(INPUT DATA begins)

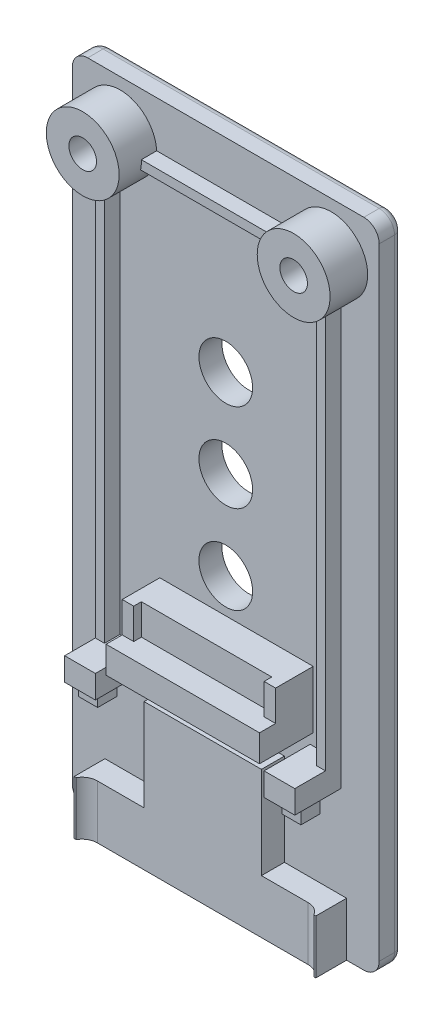
from build123d import *

# Parameters (mm, degrees)
EXTRUDE_1_DEPTH     = 3
SKETCH_4_W          = 31.5
SKETCH_4_H          = 7
EXTRUDE_2_DEPTH     = 3
SKETCH_5_W          = 15.3
SKETCH_5_H          = 12
EXTRUDE_3_DEPTH     = 3
EXTRUDE_3_2_DEPTH   = 2
SKETCH_7_W          = 4
SKETCH_7_H          = 3
EXTRUDE_5_DEPTH     = 6
SKETCH_8_W          = 2.5
SKETCH_8_H          = 2.5
EXTRUDE_6_DEPTH     = 2
EXTRUDE_7_DEPTH     = 7
SKETCH_10_W         = 38.86016461
SKETCH_10_H         = 9.384719245
CUT_EXTRUDE_1_DEPTH = 7
SKETCH_12_W         = 20
SKETCH_12_H         = 4
EXTRUDE_9_DEPTH     = 3.9
SKETCH_13_W         = 1.5
SKETCH_13_H         = 4
EXTRUDE_10_DEPTH    = 1
SKETCH_14_R         = 4.75
EXTRUDE_11_DEPTH    = 4.9
SKETCH_16_R         = 1.8
CUT_EXTRUDE_3_DEPTH = 87.322082101
SKETCH_17_R         = 3.5
CUT_EXTRUDE_4_DEPTH = 4
SKETCH_18_W         = 20
SKETCH_18_H         = 3.5
EXTRUDE_12_DEPTH    = 7
WRAP_START          = -0.4
WRAP_1_OUTLINE_W    = 0.897435898
WRAP_1_OUTLINE_H    = 3.5
WRAP_1_DEPTH        = 0.4
SKETCH_20_R         = 3.5
CUT_EXTRUDE_5_DEPTH = 7
WRAP1_START         = -0.4
WRAP1_DEPTH         = 0.4
FILLET1_R           = 1


# Read off the part's stored shape, not the designer's step: Перенос1, Wrap1
with BuildPart() as part:
    # Эскиз3 → Бобышка-Вытянуть1 (new body)
    with BuildSketch(Plane.XY):
        with BuildLine():
            Line((21.251874208, -81.291354299), (21.251874208, -0.291354299))
            ThreePointArc((21.251874208, -0.291354299), (20.66608777, 1.122859264), (19.251874208, 1.708645701))
            Line((19.251874208, 1.708645701), (-16.748125792, 1.708645701))
            ThreePointArc((-16.748125792, 1.708645701), (-18.162339355, 1.122859264), (-18.748125792, -0.291354299))
            Line((-18.748125792, -0.291354299), (-18.748125792, -81.291354299))
            ThreePointArc((-18.748125792, -81.291354299), (-18.162339355, -82.705567861), (-16.748125792, -83.291354299))
            Line((-16.748125792, -83.291354299), (-14.498125792, -83.291354299))
            Line((-14.498125792, -83.291354299), (19.251874208, -83.291354299))
            ThreePointArc((19.251874208, -83.291354299), (20.66608777, -82.705567861), (21.251874208, -81.291354299))
        make_face()
    extrude(amount=EXTRUDE_1_DEPTH)

    # Эскиз4 → Бобышка-Вытянуть2 (add)
    with BuildSketch(Plane.XY.offset(3)):
        with Locations((1.251874208, -79.791354299)):
            Rectangle(SKETCH_4_W, SKETCH_4_H)
    extrude(amount=EXTRUDE_2_DEPTH)

    # Эскиз5 → Extrude 3 (add)
    with BuildSketch(Plane.XY.offset(3)):
        with Locations((1.251874208, -70.291354299)):
            Rectangle(SKETCH_5_W, SKETCH_5_H)
    extrude(amount=EXTRUDE_3_DEPTH)

    # Эскиз6 → Extrude 3 2 (add)
    with BuildSketch(Plane.XY.offset(3)):
        Polygon((-13.748125792, -64.291354299), (-13.748125792, -4.291354299), (16.251874208, -4.291354299), (16.251874208, -64.291354299), (15.051874208, -64.291354299), (15.051874208, -5.491354299), (-12.548125792, -5.491354299), (-12.548125792, -64.291354299), align=None)
    extrude(amount=EXTRUDE_3_2_DEPTH)

    # Эскиз7 → Бобышка-Вытянуть5 (add)
    with BuildSketch(Plane.XY.offset(3)):
        with Locations((-11.748125792, -62.791354299)):
            Rectangle(SKETCH_7_W, SKETCH_7_H)
        with Locations((14.251874208, -62.791354299)):
            Rectangle(SKETCH_7_W, SKETCH_7_H)
    extrude(amount=EXTRUDE_5_DEPTH)

    # Эскиз8 → Бобышка-Вытянуть6 (add)
    with BuildSketch(Plane.XZ.offset(64.291354299)):
        with Locations((-11.998125792, 6.45)):
            Rectangle(SKETCH_8_W, SKETCH_8_H)
        with Locations((14.501874208, 6.45)):
            Rectangle(SKETCH_8_W, SKETCH_8_H)
    extrude(amount=EXTRUDE_6_DEPTH)

    # Эскиз9 → Бобышка-Вытянуть7 (add)
    with BuildSketch(Plane.XZ.offset(83.291354299)):
        with BuildLine():
            Line((-14.498125792, 6), (-14.498125792, 8))
            ThreePointArc((-14.498125792, 8), (-13.912339355, 6.585786438), (-12.498125792, 6))
            Line((-12.498125792, 6), (-14.498125792, 6))
        make_face()
        with BuildLine():
            Line((17.001874208, 6), (15.001874208, 6))
            ThreePointArc((15.001874208, 6), (16.41608777, 6.585786438), (17.001874208, 8))
            Line((17.001874208, 8), (17.001874208, 6))
        make_face()
    extrude(amount=-EXTRUDE_7_DEPTH)

    # Эскиз10 → Вырез-Вытянуть1 (cut)
    with BuildSketch(Plane.XZ.offset(83.291354299)):
        with Locations((0.85139178, 11.707560322)):
            Rectangle(SKETCH_10_W, SKETCH_10_H)
    extrude(amount=-CUT_EXTRUDE_1_DEPTH, mode=Mode.SUBTRACT)

    # Эскиз12 → Бобышка-Вытянуть9 (add)
    with BuildSketch(Plane.XY.offset(3)):
        with Locations((2.651874208, -54.291354299)):
            Rectangle(SKETCH_12_W, SKETCH_12_H)
    extrude(amount=EXTRUDE_9_DEPTH)

    # Эскиз13 → Бобышка-Вытянуть10 (add)
    with BuildSketch(Plane.XY.offset(6.9)):
        with Locations((11.901874208, -54.291354299)):
            Rectangle(SKETCH_13_W, SKETCH_13_H)
        with Locations((-6.598125792, -54.291354299)):
            Rectangle(SKETCH_13_W, SKETCH_13_H)
    extrude(amount=EXTRUDE_10_DEPTH)

    # Эскиз14 → Бобышка-Вытянуть11 (add)
    with BuildSketch(Plane.XY.offset(3)):
        with Locations(Location((-12.498125792, -4.541354299, 0), (0, 0, 254.74247671))):
            Circle(SKETCH_14_R)
        with Locations(Location((15.001874208, -4.541354299, 0), (0, 0, 180))):
            Circle(SKETCH_14_R)
    extrude(amount=EXTRUDE_11_DEPTH)

    # Эскиз16 → Вырез-Вытянуть3 (cut, through all)
    with BuildSketch(Plane.XY.offset(7.9)):
        with Locations((-12.498125792, -4.541354299)):
            Circle(SKETCH_16_R)
        with Locations((15.001874208, -4.541354299)):
            Circle(SKETCH_16_R)
    extrude(amount=-CUT_EXTRUDE_3_DEPTH, mode=Mode.SUBTRACT)

    # Эскиз17 → Вырез-Вытянуть4 (cut)
    with BuildSketch(Plane(origin=(0, 0, 0), x_dir=(-1, 0, 0), z_dir=(0, 0, -1))):
        with Locations((-15.001874208, -4.541354299)):
            Circle(SKETCH_17_R)
        with Locations((12.498125792, -4.541354299)):
            Circle(SKETCH_17_R)
    extrude(amount=-CUT_EXTRUDE_4_DEPTH, mode=Mode.SUBTRACT)

    # Эскиз18 → Бобышка-Вытянуть12 (add)
    with BuildSketch(Plane.XY.offset(3)):
        with Locations((2.651874208, -58.041354299)):
            Rectangle(SKETCH_18_W, SKETCH_18_H)
    extrude(amount=EXTRUDE_12_DEPTH)

    # Перенос1 outline → Перенос1 (cut)
    # profile 1 of 3: a face of its own
    with BuildSketch(Plane.XZ.offset(83.291354299).offset(WRAP_START)):
        with BuildLine():
            add(Edge.make_bspline(
                [(0.971762667, 1.5), (0.908191508, 1.50020437), (0.785468794, 1.500598903), (0.608264135, 1.505416294), (0.444649614, 1.513957561), (0.294722611, 1.524639346), (0.158664341, 1.53946478), (0.03645625, 1.556481913), (-0.071960628, 1.577306359), (-0.167999844, 1.601873952), (-0.25454211, 1.630907486), (-0.335693257, 1.662052171), (-0.411697516, 1.698473839), (-0.482982281, 1.738774368), (-0.549962864, 1.782246677), (-0.61248756, 1.829862159), (-0.670157432, 1.881932528), (-0.722835577, 1.937885814), (-0.769410157, 1.997608324), (-0.811736953, 2.059227105), (-0.845598189, 2.125095846), (-0.875009853, 2.192975425), (-0.896232828, 2.264437317), (-0.912960596, 2.338349293), (-0.921680049, 2.415458372), (-0.923268249, 2.467763964), (-0.924070667, 2.494190705)],
                knots=[0, 0, 0, 0, 0.07918369, 0.15286236, 0.220780569, 0.283251696, 0.340056682, 0.391229738, 0.43690319, 0.477502149, 0.514601086, 0.550550351, 0.585707068, 0.61946814, 0.652491974, 0.685097441, 0.717251441, 0.749173995, 0.780681042, 0.81152345, 0.842124493, 0.872780872, 0.903536606, 0.934827738, 0.967072537, 1, 1, 1, 1], degree=3))
            Line((0.971762667, 1.5), (1.947724205, 1.5))
            Line((1.947724205, 1.5), (1.947724205, 5))
            Line((1.947724205, 5), (1.050288308, 5))
            Line((1.050288308, 5), (1.050288308, 3.474358974))
            add(Edge.make_bspline(
                [(0.069418917, 3.421073718), (0.094152871, 3.425539616), (0.147848874, 3.435234827), (0.236162524, 3.445052875), (0.338085976, 3.454048862), (0.453788762, 3.461811102), (0.583310066, 3.467091734), (0.726583544, 3.471199744), (0.883876329, 3.474201348), (0.993262193, 3.474304959), (1.050288308, 3.474358974)],
                knots=[0, 0, 0, 0, 0.076652669, 0.166408568, 0.270908509, 0.388803477, 0.520106973, 0.666320705, 0.826043028, 1, 1, 1, 1], degree=3))
            add(Edge.make_bspline(
                [(-0.924070667, 2.494190705), (-0.923280696, 2.523447976), (-0.92172475, 2.581073787), (-0.908891016, 2.665504319), (-0.88754852, 2.745952319), (-0.859028443, 2.823199553), (-0.820708483, 2.896003671), (-0.774848335, 2.965653093), (-0.719856568, 3.030626699), (-0.656959752, 3.091877287), (-0.587118568, 3.148850029), (-0.511105436, 3.201910234), (-0.428452264, 3.249016356), (-0.341069552, 3.294000478), (-0.246446443, 3.331679235), (-0.146871093, 3.367282699), (-0.040973258, 3.397360113), (0.032162837, 3.413070651), (0.069418917, 3.421073718)],
                knots=[0, 0, 0, 0, 0.059226347, 0.116653609, 0.172442805, 0.227557458, 0.283016466, 0.338671005, 0.396115815, 0.455017933, 0.516221296, 0.578449912, 0.642494871, 0.708741953, 0.777293663, 0.848541795, 0.922846047, 1, 1, 1, 1], degree=3))
        make_face()
        with BuildLine():
            add(Edge.make_bspline(
                [(0.753713788, 2.846153846), (0.725668551, 2.845962385), (0.671678159, 2.845593799), (0.594071185, 2.844388739), (0.522994219, 2.841702152), (0.458741397, 2.837300055), (0.401160335, 2.832832713), (0.350477252, 2.826253381), (0.306154775, 2.819651451), (0.256859627, 2.80874307), (0.203011209, 2.791242699), (0.145400223, 2.764259758), (0.094231766, 2.732332582), (0.051288186, 2.693476578), (0.016530342, 2.650065849), (-0.008807584, 2.601886118), (-0.023978976, 2.549085389), (-0.025736895, 2.512285503), (-0.026634769, 2.493489583)],
                knots=[0, 0, 0, 0, 0.087984892, 0.169381301, 0.243490732, 0.31108677, 0.371426355, 0.424626274, 0.47139501, 0.511952633, 0.582901013, 0.648499292, 0.711142388, 0.771361583, 0.829301518, 0.884723481, 0.941121333, 1, 1, 1, 1], degree=3))
            Line((0.753713788, 2.846153846), (1.050288308, 2.846153846))
            Line((1.050288308, 2.846153846), (1.050288308, 2.128205128))
            Line((1.050288308, 2.128205128), (0.786666513, 2.128205128))
            add(Edge.make_bspline(
                [(0.193517474, 2.197616186), (0.208149718, 2.191964447), (0.239716749, 2.179771605), (0.292902747, 2.166277432), (0.354490829, 2.154546484), (0.424483924, 2.14495998), (0.502832613, 2.137348407), (0.589808451, 2.131642407), (0.685459838, 2.129351778), (0.752077595, 2.128597013), (0.786666513, 2.128205128)],
                knots=[0, 0, 0, 0, 0.078334475, 0.168995732, 0.273680162, 0.391619348, 0.521902516, 0.667035745, 0.82712007, 1, 1, 1, 1], degree=3))
            add(Edge.make_bspline(
                [(-0.026634769, 2.493489583), (-0.026024796, 2.477059925), (-0.024835011, 2.445012985), (-0.013698376, 2.399015888), (0.002792818, 2.355888178), (0.028346001, 2.317261279), (0.058989424, 2.280836435), (0.097965574, 2.24964819), (0.14221372, 2.219941175), (0.175937076, 2.205266351), (0.193517474, 2.197616186)],
                knots=[0, 0, 0, 0, 0.125011237, 0.243841194, 0.358954674, 0.475083597, 0.595069528, 0.720283665, 0.854180453, 1, 1, 1, 1], degree=3))
        make_face(mode=Mode.SUBTRACT)
    # profile 2 of 3: a face of its own
    with BuildSketch(Plane.XZ.offset(83.291354299).offset(WRAP_START)):
        with BuildLine():
            add(Edge.make_bspline(
                [(4.755716994, 2.397435897), (4.784020824, 2.368917647), (4.83898128, 2.31354083), (4.926267212, 2.240724486), (5.013362574, 2.178233035), (5.101216054, 2.127555756), (5.189405509, 2.087588075), (5.278117479, 2.059519577), (5.367317797, 2.041703865), (5.42707748, 2.039539452), (5.456838788, 2.038461538)],
                knots=[0, 0, 0, 0, 0.148821773, 0.288982531, 0.420667444, 0.545597723, 0.664221049, 0.778709881, 0.889793867, 1, 1, 1, 1], degree=3))
            Line((4.755716994, 2.397435897), (4.101570359, 1.967648237))
            add(Edge.make_bspline(
                [(5.458942154, 1.41025641), (5.400907286, 1.411745056), (5.286036532, 1.414691593), (5.11594271, 1.438068276), (4.949927807, 1.474943986), (4.814746874, 1.518906466), (4.70773641, 1.56294021), (4.625798064, 1.602237704), (4.542173628, 1.648133845), (4.456931276, 1.700044149), (4.369760715, 1.757573029), (4.281444991, 1.821557857), (4.19151339, 1.891847391), (4.132027095, 1.941980363), (4.101570359, 1.967648237)],
                knots=[0, 0, 0, 0, 0.115818089, 0.229243415, 0.342091558, 0.454958989, 0.51248856, 0.573005292, 0.636267093, 0.702838359, 0.77219596, 0.844709553, 0.920491934, 1, 1, 1, 1], degree=3))
            add(Edge.make_bspline(
                [(6.749006256, 2.297876603), (6.748012767, 2.267873023), (6.746046973, 2.208505664), (6.727694994, 2.121181657), (6.698086828, 2.037316444), (6.656921709, 1.95679612), (6.604350228, 1.87941019), (6.539354927, 1.805996884), (6.462881868, 1.735800188), (6.376813617, 1.669051774), (6.281709047, 1.608405989), (6.180128293, 1.555209661), (6.073173961, 1.510193262), (5.960783914, 1.473664146), (5.84314776, 1.444971013), (5.719869145, 1.424727658), (5.591225688, 1.412746232), (5.50360589, 1.411097065), (5.458942154, 1.41025641)],
                knots=[0, 0, 0, 0, 0.052011694, 0.102914283, 0.154092384, 0.205964756, 0.259394338, 0.316010344, 0.37570202, 0.439299716, 0.504774385, 0.571167027, 0.638052053, 0.705895375, 0.776027396, 0.847966533, 0.922501732, 1, 1, 1, 1], degree=3))
            add(Edge.make_bspline(
                [(5.543777891, 3.526241987), (5.60439235, 3.48851699), (5.720704905, 3.416126824), (5.886256433, 3.310111252), (6.034485916, 3.209506282), (6.166165666, 3.11616137), (6.280730119, 3.029150904), (6.378696712, 2.949437684), (6.459933469, 2.876160678), (6.525106866, 2.807540063), (6.578616938, 2.742365612), (6.624269147, 2.679139463), (6.662220455, 2.615339751), (6.694622194, 2.552310878), (6.717956708, 2.488245812), (6.735985284, 2.424855381), (6.746935779, 2.361357029), (6.7483189, 2.318950812), (6.749006256, 2.297876603)],
                knots=[0, 0, 0, 0, 0.11978186, 0.229848361, 0.329790464, 0.42031278, 0.50061585, 0.571102614, 0.632161366, 0.684026302, 0.729711759, 0.773559908, 0.814713146, 0.854167012, 0.892256842, 0.9288816, 0.964656973, 1, 1, 1, 1], degree=3))
            add(Edge.make_bspline(
                [(4.909262667, 4.129907853), (4.91056527, 4.109830378), (4.913250194, 4.068446709), (4.938084095, 4.00792313), (4.975211065, 3.947607146), (5.018015607, 3.898447458), (5.062089064, 3.857494228), (5.105084077, 3.821903128), (5.156782244, 3.782174088), (5.217384071, 3.738853185), (5.286234974, 3.691025697), (5.363935153, 3.639150506), (5.451006373, 3.584078399), (5.511971488, 3.546071006), (5.543777891, 3.526241987)],
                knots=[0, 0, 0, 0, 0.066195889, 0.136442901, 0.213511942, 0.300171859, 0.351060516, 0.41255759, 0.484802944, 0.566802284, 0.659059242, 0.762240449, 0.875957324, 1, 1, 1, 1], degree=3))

(INPUT DATA ends)

→ **WHAT IS REQUIRED**
The lines above that include "Rectangle" should each be listed.

→ **ANSWER TO THIS PROBLEM**
            Rectangle(SKETCH_4_W, SKETCH_4_H)
            Rectangle(SKETCH_5_W, SKETCH_5_H)
            Rectangle(SKETCH_7_W, SKETCH_7_H)
            Rectangle(SKETCH_7_W, SKETCH_7_H)
            Rectangle(SKETCH_8_W, SKETCH_8_H)
            Rectangle(SKETCH_8_W, SKETCH_8_H)
            Rectangle(SKETCH_10_W, SKETCH_10_H)
            Rectangle(SKETCH_12_W, SKETCH_12_H)
            Rectangle(SKETCH_13_W, SKETCH_13_H)
            Rectangle(SKETCH_13_W, SKETCH_13_H)
            Rectangle(SKETCH_18_W, SKETCH_18_H)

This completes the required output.